Scallops and soft-boiled egg with creamy lemon dressing Salad
1/ For the creamy lemon dressing
4 Tablespoons of egg mayonnaise
4 Tablespoons of lemon juice
1 pinch of salt
1 pinch of sugar
2/Scallops, egg and herb crumbs
2 Free-range eggs
1 1/2 tablespoon of olive oil
2 tablespoons of Breadcrumbs
1 lemon to be zested
1 1/2 tablespoon of basil finely chopped
2 Tablespoon of olive oil
100g of salad
- To make the dressing, whisk mayonnaise, lemon juice, sugar and salt together.
- Place eggs in a small pot with water and bring to the boil. As soon as the water starts boiling, time for 2 min 15 seconds (for soft boiled eggs with runny yolks). Drain and run eggs under cold water. Peel the eggs and set aside.

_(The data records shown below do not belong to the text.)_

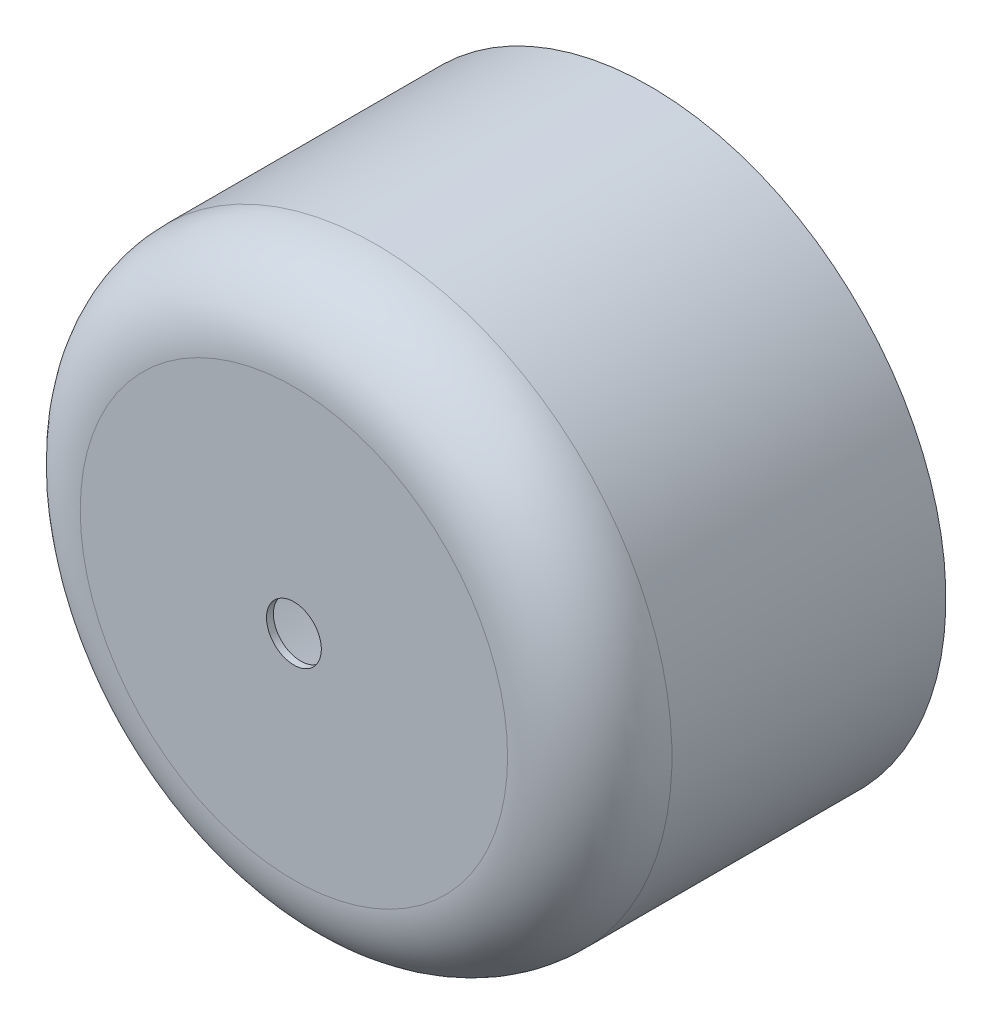
SolidWorks part; units mm, degrees
ref_plane "Piano frontale" through (0, 0, 0) normal (0, 0, 1) x (1, 0, 0)
ref_plane "Piano superiore" through (0, 0, 0) normal (0, 1, 0) x (1, 0, 0)
ref_plane "Piano destro" through (0, 0, 0) normal (1, 0, 0) x (0, 0, -1)
ref_plane "Piano1" through (0, 0, 0) normal (0, -1, 0) x (1, 0, 0)
sketch "Schizzo1" plane through (0, 0, 0) normal (0, -1, 0) x (1, 0, 0)
  line L0 (10.8, 0) -> (10.8, 10)
  line L1 (7.8, 13) -> (1, 13)
  line L2 (1, 13) -> (1, 12.75)
  line L3 (1, 12.75) -> (7.8, 12.75)
  line L4 (10.55, 10) -> (10.55, 0)
  line L5 (10.55, 0) -> (10.8, 0)
  line L6 (0, 13) -> (0, 0) construction
  arc A0 (10.8, 10) -> (7.8, 13) centre (7.8, 10) ccw
  arc A1 (7.8, 12.75) -> (10.55, 10) centre (7.8, 10) cw
revolve "Rivoluzione1" add sketch "Schizzo1" angle 360 about L6

- Heat olive oil in a small frying pan. Mix breadcrumbs, lemon zest and herbs together and fry for a couple of minutes until the breadcrumbs are golden and crispy. Transfer to a paper towel to drain and mix with a good pinch of salt (use flaky sea salt if you have it).
- Heat butter in a frying pan on high heat and add scallops. Cook scallops for 45 seconds on each side, seasoning with salt and pepper while in the pan.
- Divide scallops between plates on top of your salad. Carefully cut eggs in half and arrange one half on each plate. Drizzle over a little extra virgin olive oil and sprinkle over the crispy crumb.
- Dress plates with creamy lemon dressing just before serving.